Dr George Vekinis is a Research Director at the Institute of Nanoscience and Nanotechnology of NCSR “Demokritos”. In the past he worked as a lecturer and researcher in Johannesburg and Pretoria, South Africa and at Cambridge University. His current research interests include nanostructured industrial catalysts, advanced protection and propulsion systems for Spacecraft, industrial microwave processing and high energy armour composites. He has led or participated in numerous RD projects funded by national agencies, the European Commission, the European Space Agency and industrial companies and has published or presented over 150 papers and presentations. He is also a visiting lecturer at the Department of Physics of the Aristoetelian University of Thessaloniki, the current President of the Hellenic Society of Science and Technology of Condensed Matter, President of a spin-off company and a Senior Consultant on Exploitation and Commercialisation Strategy and Technology Transfer for the European Commission. In 2014 he published the book “Technology Transfer in Practice: from Invention to Innovation”.
Space Exploration is a field characterised by extremes of temperature, a fact which pushes many materials to their performance limits.

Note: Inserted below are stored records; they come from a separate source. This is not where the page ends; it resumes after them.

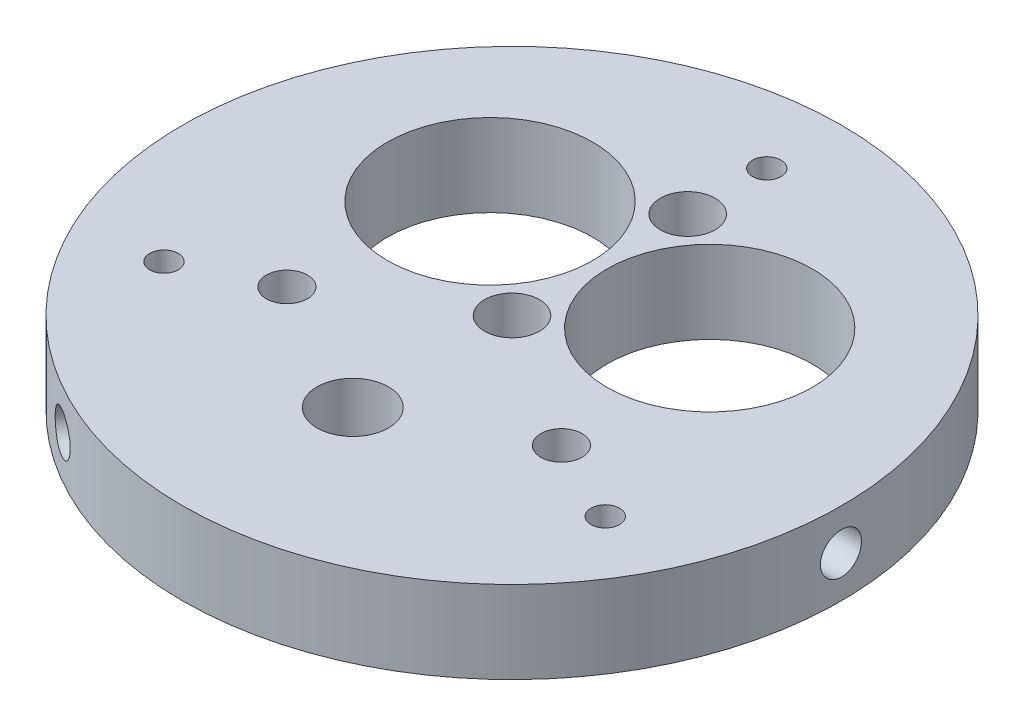
ISO-10303-21;
HEADER;
FILE_DESCRIPTION(('STEP AP214'),'2;1');
FILE_NAME('part.step','',(''),(''),'','','');
FILE_SCHEMA(('AUTOMOTIVE_DESIGN { 1 0 10303 214 1 1 1 1 }'));
ENDSEC;
DATA;
#1=APPLICATION_CONTEXT('core data for automotive mechanical design processes');
#2=APPLICATION_PROTOCOL_DEFINITION('international standard','automotive_design',2000,#1);
#3=PRODUCT_CONTEXT('',#1,'mechanical');
#4=PRODUCT('Part','Part','',(#3));
#5=PRODUCT_RELATED_PRODUCT_CATEGORY('part','',(#4));
#6=PRODUCT_DEFINITION_FORMATION('','',#4);
#7=PRODUCT_DEFINITION_CONTEXT('part definition',#1,'design');
#8=PRODUCT_DEFINITION('design','',#6,#7);
#9=PRODUCT_DEFINITION_SHAPE('','',#8);
#10=(LENGTH_UNIT() NAMED_UNIT(*) SI_UNIT(.MILLI.,.METRE.));
#11=(NAMED_UNIT(*) PLANE_ANGLE_UNIT() SI_UNIT($,.RADIAN.));
#12=(NAMED_UNIT(*) SI_UNIT($,.STERADIAN.) SOLID_ANGLE_UNIT());
#13=UNCERTAINTY_MEASURE_WITH_UNIT(LENGTH_MEASURE(1.E-05),#10,'distance_accuracy_value','');
#14=(GEOMETRIC_REPRESENTATION_CONTEXT(3) GLOBAL_UNCERTAINTY_ASSIGNED_CONTEXT((#13)) GLOBAL_UNIT_ASSIGNED_CONTEXT((#10,
#11,#12)) REPRESENTATION_CONTEXT('',''));
#15=CARTESIAN_POINT('',(0.,0.,0.));
#16=DIRECTION('',(0.,0.,1.));
#17=DIRECTION('',(1.,0.,0.));
#18=AXIS2_PLACEMENT_3D('',#15,#16,#17);
#19=CARTESIAN_POINT('',(0.,9.525,0.));
#20=DIRECTION('',(0.,-1.,0.));
#21=DIRECTION('',(0.,0.,-1.));
#22=AXIS2_PLACEMENT_3D('',#19,#20,#21);
#23=CYLINDRICAL_SURFACE('',#22,38.1127);
#24=CARTESIAN_POINT('',(38.0386349818182,4.7625,-2.37489999999973));
#25=CARTESIAN_POINT('',(38.0386359727121,4.62923983544651,-2.37489413598259));
#26=CARTESIAN_POINT('',(38.0393427848158,4.49588634195096,-2.36364608602858));
#27=CARTESIAN_POINT('',(38.0420939960774,4.23286151976421,-2.31893681664145));
#28=CARTESIAN_POINT('',(38.0441399524101,4.10319466132266,-2.28544973670502));
#29=CARTESIAN_POINT('',(38.0493368106551,3.8513911345155,-2.19722795417698));
#30=CARTESIAN_POINT('',(38.0524871295666,3.72925053290825,-2.14250446081157));
#31=CARTESIAN_POINT('',(38.0595370069414,3.49592055513315,-2.0133813671674));
#32=CARTESIAN_POINT('',(38.0634363936992,3.38472867805543,-1.93898627465461));
#33=CARTESIAN_POINT('',(38.071551633935,3.17625429793563,-1.77250980503899));
#34=CARTESIAN_POINT('',(38.0757678978269,3.07899032452425,-1.68040524181713));
#35=CARTESIAN_POINT('',(38.0840379951772,2.90129127689857,-1.48117213582934));
#36=CARTESIAN_POINT('',(38.0880918218573,2.82085690437185,-1.37404296694357));
#37=CARTESIAN_POINT('',(38.0955837855154,2.67904384677508,-1.1476977190819));
#38=CARTESIAN_POINT('',(38.0990214288969,2.61768040994676,-1.02847206882181));
#39=CARTESIAN_POINT('',(38.1048893709577,2.51584875804747,-0.78138537629629));
#40=CARTESIAN_POINT('',(38.1073196803666,2.47538032041119,-0.653524426027094));
#41=CARTESIAN_POINT('',(38.1108962880296,2.41653860293246,-0.392974407169462));
#42=CARTESIAN_POINT('',(38.1120442657019,2.3981364214773,-0.260291889038112));
#43=CARTESIAN_POINT('',(38.1129325127325,2.38386033661758,0.00628344964127072));
#44=CARTESIAN_POINT('',(38.1126727978782,2.3879861805584,0.140176256598949));
#45=CARTESIAN_POINT('',(38.1107763266553,2.41862518184881,0.405175683019));
#46=CARTESIAN_POINT('',(38.1091414827086,2.44510724809921,0.536285912789693));
#47=CARTESIAN_POINT('',(38.1046810139763,2.51965871909632,0.792196531978301));
#48=CARTESIAN_POINT('',(38.1018553821853,2.56772825084278,0.916996884270202));
#49=CARTESIAN_POINT('',(38.0953281966098,2.68412534410554,1.15684492499113));
#50=CARTESIAN_POINT('',(38.0916260339154,2.75246699667638,1.27188575785861));
#51=CARTESIAN_POINT('',(38.0837624394857,2.90745810824412,1.48887429970503));
#52=CARTESIAN_POINT('',(38.0796010026144,2.99410777198625,1.59082186223663));
#53=CARTESIAN_POINT('',(38.0712788538873,3.18343083884459,1.77891141185151));
#54=CARTESIAN_POINT('',(38.0671181552868,3.28613122789602,1.86502623893997));
#55=CARTESIAN_POINT('',(38.0592736327965,3.50454590614921,2.01879642754742));
#56=CARTESIAN_POINT('',(38.0555898090951,3.62026020049682,2.08645178176728));
#57=CARTESIAN_POINT('',(38.0491150302397,3.86143523082251,2.20138059364549));
#58=CARTESIAN_POINT('',(38.0463241251138,3.98689651241167,2.24865290934261));
#59=CARTESIAN_POINT('',(38.0419517047523,4.24399622181942,2.32145501331087));
#60=CARTESIAN_POINT('',(38.0403701753754,4.37563457738962,2.34698505581749));
#61=CARTESIAN_POINT('',(38.0385975079237,4.64111479483818,2.3755440747802));
#62=CARTESIAN_POINT('',(38.0384040370311,4.77495258056907,2.37861080402032));
#63=CARTESIAN_POINT('',(38.03942321047,5.04124074229214,2.36225478031421));
#64=CARTESIAN_POINT('',(38.0406358475295,5.17369112545608,2.34283214367779));
#65=CARTESIAN_POINT('',(38.0443284492782,5.4333379502686,2.28208008575283));
#66=CARTESIAN_POINT('',(38.0468074081529,5.56053847524434,2.24076804981454));
#67=CARTESIAN_POINT('',(38.0527524387974,5.80620085402902,2.137427501211));
#68=CARTESIAN_POINT('',(38.0562185194656,5.9246626290508,2.07539880179551));
#69=CARTESIAN_POINT('',(38.06375285391,6.14965822912002,1.93228921421749));
#70=CARTESIAN_POINT('',(38.067821904569,6.2561759365946,1.85118302871922));
#71=CARTESIAN_POINT('',(38.0761008425987,6.45409739440115,1.6722575975518));
#72=CARTESIAN_POINT('',(38.0803107313402,6.54550099757474,1.57443818917331));
#73=CARTESIAN_POINT('',(38.0884037679067,6.71072714043947,1.36470057159411));
#74=CARTESIAN_POINT('',(38.0922864569324,6.78452525054199,1.25276309725812));
#75=CARTESIAN_POINT('',(38.0992809941233,6.91227837888538,1.01806373839066));
#76=CARTESIAN_POINT('',(38.1023928470198,6.96623351892175,0.895301920304408));
#77=CARTESIAN_POINT('',(38.107492882471,7.0527266237693,0.642528462239904));
#78=CARTESIAN_POINT('',(38.1094818762282,7.08528005291724,0.512522130811753));
#79=CARTESIAN_POINT('',(38.1121153105127,7.12809627337091,0.248876229516098));
#80=CARTESIAN_POINT('',(38.1127597641746,7.13835928242649,0.115236695153409));
#81=CARTESIAN_POINT('',(38.1126315433756,7.13630121823691,-0.151640248575062));
#82=CARTESIAN_POINT('',(38.1118612680722,7.12401837921867,-0.284877955629739));
#83=CARTESIAN_POINT('',(38.1089949751808,7.07729655177778,-0.547395260411214));
#84=CARTESIAN_POINT('',(38.1068989552589,7.04285752435006,-0.676674851169488));
#85=CARTESIAN_POINT('',(38.1016167695244,6.95280952372205,-0.927611963984363));
#86=CARTESIAN_POINT('',(38.0984306111483,6.89720069493609,-1.04926953802959));
#87=CARTESIAN_POINT('',(38.091325890751,6.76639697704173,-1.28152632379672));
#88=CARTESIAN_POINT('',(38.0874073477859,6.69120259751733,-1.39212582312806));
#89=CARTESIAN_POINT('',(38.0792707506348,6.5232211222031,-1.59932076727468));
#90=CARTESIAN_POINT('',(38.0750522329968,6.43040641723475,-1.69589380925071));
#91=CARTESIAN_POINT('',(38.0667948161314,6.22985544097584,-1.87212148221923));
#92=CARTESIAN_POINT('',(38.0627559611195,6.12211552310079,-1.95177196654192));
#93=CARTESIAN_POINT('',(38.0553095701463,5.89464993528759,-2.09195218160562));
#94=CARTESIAN_POINT('',(38.0519028209761,5.77490960987748,-2.152458148057));
#95=CARTESIAN_POINT('',(38.046116464948,5.52703554963833,-2.25243299813299));
#96=CARTESIAN_POINT('',(38.0437356555167,5.39891184565561,-2.2919265246793));
#97=CARTESIAN_POINT('',(38.0408947877392,5.18542007143343,-2.33848911309042));
#98=CARTESIAN_POINT('',(38.0400511465564,5.10143206263123,-2.35212554278849));
#99=CARTESIAN_POINT('',(38.0389209279353,4.93247536067762,-2.37033285030469));
#100=CARTESIAN_POINT('',(38.0386343497269,4.84750666888227,-2.3749037406567));
#101=CARTESIAN_POINT('',(38.0386349818182,4.7625,-2.37489999999973));
#102=B_SPLINE_CURVE_WITH_KNOTS('',3,(#24,#25,#26,#27,#28,#29,#30,#31,#32,#33,#34,#35,#36,#37,
#38,#39,#40,#41,#42,#43,#44,#45,#46,#47,#48,#49,#50,#51,#52,#53,#54,#55,#56,#57,#58,#59,#60,#61,
#62,#63,#64,#65,#66,#67,#68,#69,#70,#71,#72,#73,#74,#75,#76,#77,#78,#79,#80,#81,#82,#83,#84,#85,
#86,#87,#88,#89,#90,#91,#92,#93,#94,#95,#96,#97,#98,#99,#100,#101),.UNSPECIFIED.,.T.,.F.,(4,2,2,
2,2,2,2,2,2,2,2,2,2,2,2,2,2,2,2,2,2,2,2,2,2,2,2,2,2,2,2,2,2,2,2,2,2,2,4),(0.,0.399470166575745,
0.79940566956956,1.19913036091437,1.59876353422035,1.99892353439712,2.39910021538456,
2.79959604090948,3.20008760042222,3.60005403509275,4.0000159840989,4.3994226152202,
4.79883159609414,5.19851885742417,5.59821058884018,5.99858169444916,6.39895295837009,
6.7993466502068,7.19973566011932,7.59945160478513,7.99916548222124,8.39856236730939,
8.79796285285544,9.19789597157583,9.59783298401314,9.99832176716475,10.3988080920882,
10.7990047167025,11.1991974318728,11.5987121097933,11.9982274910451,12.3977401469663,
12.7972424092598,13.1973758943832,13.597607314624,13.9983336147515,14.3985889102477,
14.653411311538,14.9082333605144),.UNSPECIFIED.);
#103=CARTESIAN_POINT('',(38.0386349818182,4.7625,-2.37489999999973));
#104=VERTEX_POINT('',#103);
#105=EDGE_CURVE('E133',#104,#104,#102,.T.);
#106=ORIENTED_EDGE('',*,*,#105,.T.);
#107=EDGE_LOOP('',(#106));
#108=FACE_BOUND('',#107,.T.);
#109=CARTESIAN_POINT('',(-16.9625937594618,4.7625,34.1298742195377));
#110=CARTESIAN_POINT('',(-16.9625993332966,4.62923983544651,34.1298721456685));
#111=CARTESIAN_POINT('',(-16.9726938363516,4.49588634195096,34.124860237929));
#112=CARTESIAN_POINT('',(-17.0127888050564,4.23286151976421,34.1048882220792));
#113=CARTESIAN_POINT('',(-17.0428124451462,4.10319466132266,34.0899165322701));
#114=CARTESIAN_POINT('',(-17.1218131791051,3.8513911345155,34.0503062522661));
#115=CARTESIAN_POINT('',(-17.1707802739992,3.72925053290825,34.0256727617908));
#116=CARTESIAN_POINT('',(-17.2861290919977,3.49592055513315,33.9672165878688));
#117=CARTESIAN_POINT('',(-17.3525068254095,3.38472867805543,33.9333960096039));
#118=CARTESIAN_POINT('',(-17.5007372973469,3.17625429793563,33.8571857789981));
#119=CARTESIAN_POINT('',(-17.5826103208474,3.07899032452426,33.8147848890266));
#120=CARTESIAN_POINT('',(-17.7592863005829,2.90129127689857,33.7223304504298));
#121=CARTESIAN_POINT('',(-17.8540897956643,2.82085690437185,33.6722765828744));
#122=CARTESIAN_POINT('',(-18.0538565121675,2.67904384677508,33.5655921897957));
#123=CARTESIAN_POINT('',(-18.1588277757662,2.61768040994676,33.5089564511633));
#124=CARTESIAN_POINT('',(-18.3757450994607,2.51584875804747,33.390494891793));
#125=CARTESIAN_POINT('',(-18.4876910852503,2.47538032041119,33.3286691263456));
#126=CARTESIAN_POINT('',(-18.7151223243691,2.41653860293246,33.2014915500123));
#127=CARTESIAN_POINT('',(-18.8306027445451,2.3981364214773,33.1361444687739));
#128=CARTESIAN_POINT('',(-19.0619078833791,2.38386033661758,33.0036260439275));
#129=CARTESIAN_POINT('',(-19.1777325981613,2.3879861805584,32.9364547207871));
#130=CARTESIAN_POINT('',(-19.4062805978179,2.41862518184881,32.8023126153204));
#131=CARTESIAN_POINT('',(-19.519007965522,2.44510724809921,32.7353416840461));
#132=CARTESIAN_POINT('',(-19.7384028284715,2.51965871909632,32.6035234952168));
#133=CARTESIAN_POINT('',(-19.845070288062,2.56772825084278,32.5386762501581));
#134=CARTESIAN_POINT('',(-20.0495211915865,2.68412534410554,32.4130995212741));
#135=CARTESIAN_POINT('',(-20.147298393975,2.75246699667637,32.352372937898));
#136=CARTESIAN_POINT('',(-20.3312841863293,2.90745810824412,32.2370685944336));
#137=CARTESIAN_POINT('',(-20.4174926468999,2.99410777198625,32.182490903121));
#138=CARTESIAN_POINT('',(-20.5762219006893,3.18343083884459,32.0812389361019));
#139=CARTESIAN_POINT('',(-20.6487191792901,3.28613122789602,32.0345782518721));
#140=CARTESIAN_POINT('',(-20.7779658077237,3.50454590614921,31.9508996018112));
#141=CARTESIAN_POINT('',(-20.8347151513295,3.62026020049682,31.9138816397928));
#142=CARTESIAN_POINT('',(-20.9310090326151,3.86143523082251,31.8508099108811));
#143=CARTESIAN_POINT('',(-20.9705526063415,3.98689651241167,31.8247567582939));
#144=CARTESIAN_POINT('',(-21.0314148676463,4.24399622181942,31.7845690792007));
#145=CARTESIAN_POINT('',(-21.0527337683282,4.37563457738962,31.7704344133301));
#146=CARTESIAN_POINT('',(-21.0765802705313,4.64111479483818,31.7546197288032));
#147=CARTESIAN_POINT('',(-21.0791394005134,4.77495258056907,31.7529188134752));
#148=CARTESIAN_POINT('',(-21.0654842551985,5.04124074229214,31.7619794554172));
#149=CARTESIAN_POINT('',(-21.0492700769926,5.17369112545608,31.7727409482346));
#150=CARTESIAN_POINT('',(-20.9985035523718,5.4333379502686,31.8063148641175));
#151=CARTESIAN_POINT('',(-20.9639657592045,5.56053847524434,31.829117723447));
#152=CARTESIAN_POINT('',(-20.8774427341951,5.80620085402902,31.8859365453132));
#153=CARTESIAN_POINT('',(-20.8254573450717,5.9246626290508,31.9199526089312));
#154=CARTESIAN_POINT('',(-20.7052879739262,6.14965822912002,31.9980323277497));
#155=CARTESIAN_POINT('',(-20.6370824822101,6.25617593659461,32.0421093217388));
#156=CARTESIAN_POINT('',(-20.4862679824509,6.45409739440115,32.1387418079726));
#157=CARTESIAN_POINT('',(-20.4036588341827,6.54550099757474,32.1912973827591));
#158=CARTESIAN_POINT('',(-20.2260672475132,6.71072714043947,32.303174966809));
#159=CARTESIAN_POINT('',(-20.1310678956156,6.784525250542,32.3625062113082));
#160=CARTESIAN_POINT('',(-19.9313095571798,6.91227837888538,32.485913337637));
#161=CARTESIAN_POINT('',(-19.8265506305506,6.96623351892175,32.5499891903413));
#162=CARTESIAN_POINT('',(-19.6101924121899,7.05272662376929,32.6807926796345));
#163=CARTESIAN_POINT('',(-19.498598123399,7.08528005291724,32.7475183644703));
#164=CARTESIAN_POINT('',(-19.2715907924156,7.12809627337091,32.8816219361078));
#165=CARTESIAN_POINT('',(-19.1561777875385,7.13835928242649,32.9489998165318));
#166=CARTESIAN_POINT('',(-18.9249914641858,7.13630121823691,33.0823272459268));
#167=CARTESIAN_POINT('',(-18.8092190874827,7.12401837921867,33.1482790214735));
#168=CARTESIAN_POINT('',(-18.5804392861633,7.07729655177778,33.2770553914056));
#169=CARTESIAN_POINT('',(-18.4674318664148,7.04285752435006,33.3398799802855));
#170=CARTESIAN_POINT('',(-18.2474728590975,6.95280952372205,33.4607740296594));
#171=CARTESIAN_POINT('',(-18.1405212302235,6.89720069493608,33.5188435225879));
#172=CARTESIAN_POINT('',(-17.9358285933492,6.76639697704172,33.6288190471206));
#173=CARTESIAN_POINT('',(-17.8380873457999,6.69120259751733,33.6807252390326));
#174=CARTESIAN_POINT('',(-17.6545829620577,6.5232211222031,33.7772762112727));
#175=CARTESIAN_POINT('',(-17.5688389955667,6.43040641723475,33.8219093888199));
#176=CARTESIAN_POINT('',(-17.4120926454934,6.22985544097584,33.9028720925291));
#177=CARTESIAN_POINT('',(-17.3410938751403,6.12211552310079,33.9391995836479));
#178=CARTESIAN_POINT('',(-17.2159710523006,5.89464993528759,34.0028409274305));
#179=CARTESIAN_POINT('',(-17.1618679736881,5.77490960987748,34.0301435793305));
#180=CARTESIAN_POINT('',(-17.0723940357686,5.52703554963833,34.0751198730528));
#181=CARTESIAN_POINT('',(-17.0370012337788,5.39891184565561,34.0928047948768));
#182=CARTESIAN_POINT('',(-16.9952564154601,5.18542007143343,34.1136258254183));
#183=CARTESIAN_POINT('',(-16.9830251003332,5.10143206263123,34.1197134255713));
#184=CARTESIAN_POINT('',(-16.9666920001792,4.93247536067762,34.1278382812918));
#185=CARTESIAN_POINT('',(-16.9625902039122,4.84750666888227,34.1298755424591));
#186=CARTESIAN_POINT('',(-16.9625937594618,4.7625,34.1298742195377));
#187=B_SPLINE_CURVE_WITH_KNOTS('',3,(#109,#110,#111,#112,#113,#114,#115,#116,#117,#118,#119,
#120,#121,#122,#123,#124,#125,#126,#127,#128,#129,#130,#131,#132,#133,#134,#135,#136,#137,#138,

For example, the combustion temperature in solid or liquid rocket boosters reaches 3000oC while a space capsule re-entering the earth’s atmosphere after a high-speed space mission can experience heat fluxes that would easily evaporate it – just like a meteorite – if it were not for protective heat-shields.
Over the past years the Advanced Ceramics and Composites Laboratory of NCSR Demokritos has developed significant expertise in research and development of high-temperature materials for Space exploration with funding from the European Commission and the European Space Agency as well as a number of large space exploration companies in Europe. The main examples that will be presented in this talk are:
– The “HybridTPS”, a rigid, MgO-based and phenolic-filled Thermal Protection System (TPS) for the heat shield of re-entry vehicles offering both active (ablation) and passive (refractory) protection with the advantage of minimum distortion during recession (ESA).
– Prototyping of whole Heat Shields using ablative materials such as the ASTERM of Airbus D&S (project EC/FP7/Space “Rastas Spear”)
– A unique “Resistive Grid Recession Sensor” (ReGS) to monitor the recession of the ablating material of heat shields in-situ during their atmospheric re-entry of space capsules (ESA)
– SiC- and ZrO2-based multilayered rocket combustion chambers which can operate in space without external cooling, with enhanced performance (project EC/FP7/Space “Pulcher”)
The laboratory is also involved in the H2020 project IRENA which has the objective of preparing a space technology demonstrator mission to test these and other high-temperature technologies in 2016-2017.